====== Data provided ======
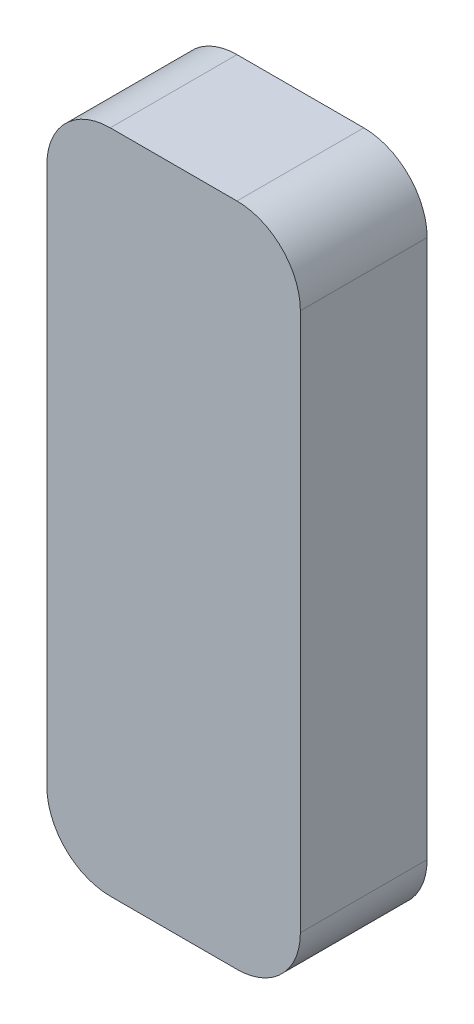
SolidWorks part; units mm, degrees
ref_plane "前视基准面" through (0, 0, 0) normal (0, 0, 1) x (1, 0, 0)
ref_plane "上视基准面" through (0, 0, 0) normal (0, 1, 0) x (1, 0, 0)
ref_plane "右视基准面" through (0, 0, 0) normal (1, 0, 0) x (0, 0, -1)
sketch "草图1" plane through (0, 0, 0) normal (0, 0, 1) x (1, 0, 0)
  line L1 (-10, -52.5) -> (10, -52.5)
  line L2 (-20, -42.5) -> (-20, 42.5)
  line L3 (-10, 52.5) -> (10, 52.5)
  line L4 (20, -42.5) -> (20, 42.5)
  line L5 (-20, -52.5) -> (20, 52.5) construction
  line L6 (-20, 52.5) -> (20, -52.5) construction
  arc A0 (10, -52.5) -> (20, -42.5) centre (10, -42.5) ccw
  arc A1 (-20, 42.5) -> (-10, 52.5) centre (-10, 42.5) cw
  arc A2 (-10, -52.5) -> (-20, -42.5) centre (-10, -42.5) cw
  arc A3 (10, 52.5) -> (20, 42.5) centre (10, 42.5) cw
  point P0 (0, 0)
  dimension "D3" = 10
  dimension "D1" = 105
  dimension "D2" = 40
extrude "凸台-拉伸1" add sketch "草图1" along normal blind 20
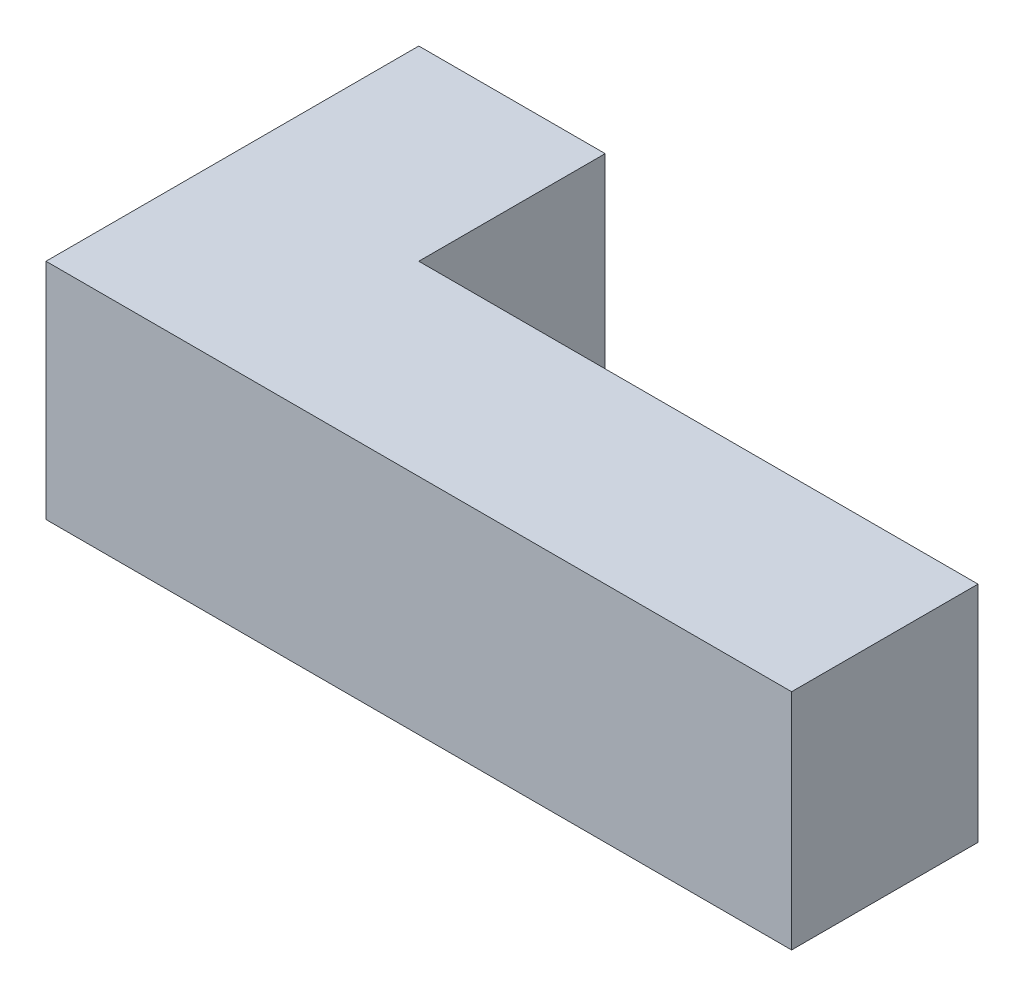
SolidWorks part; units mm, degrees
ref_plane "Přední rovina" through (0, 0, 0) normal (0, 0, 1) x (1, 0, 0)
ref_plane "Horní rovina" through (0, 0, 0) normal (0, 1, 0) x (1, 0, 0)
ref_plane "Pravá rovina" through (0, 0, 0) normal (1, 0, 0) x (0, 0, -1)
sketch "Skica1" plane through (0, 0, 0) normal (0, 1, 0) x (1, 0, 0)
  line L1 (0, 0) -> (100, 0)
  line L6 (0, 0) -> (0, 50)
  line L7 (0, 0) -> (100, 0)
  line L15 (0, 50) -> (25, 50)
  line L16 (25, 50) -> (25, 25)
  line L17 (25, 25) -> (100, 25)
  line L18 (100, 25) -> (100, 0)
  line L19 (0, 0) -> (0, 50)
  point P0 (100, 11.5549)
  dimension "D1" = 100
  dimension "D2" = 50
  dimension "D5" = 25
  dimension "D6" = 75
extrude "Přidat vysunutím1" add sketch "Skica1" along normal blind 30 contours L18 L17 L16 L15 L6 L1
======
What the task asks: All lines above in which the word "extrude" occurs should be identified and copied.

Response:
extrude "凸台-拉伸1" add sketch "草图1" along normal blind 20
extrude "Přidat vysunutím1" add sketch "Skica1" along normal blind 30 contours L18 L17 L16 L15 L6 L1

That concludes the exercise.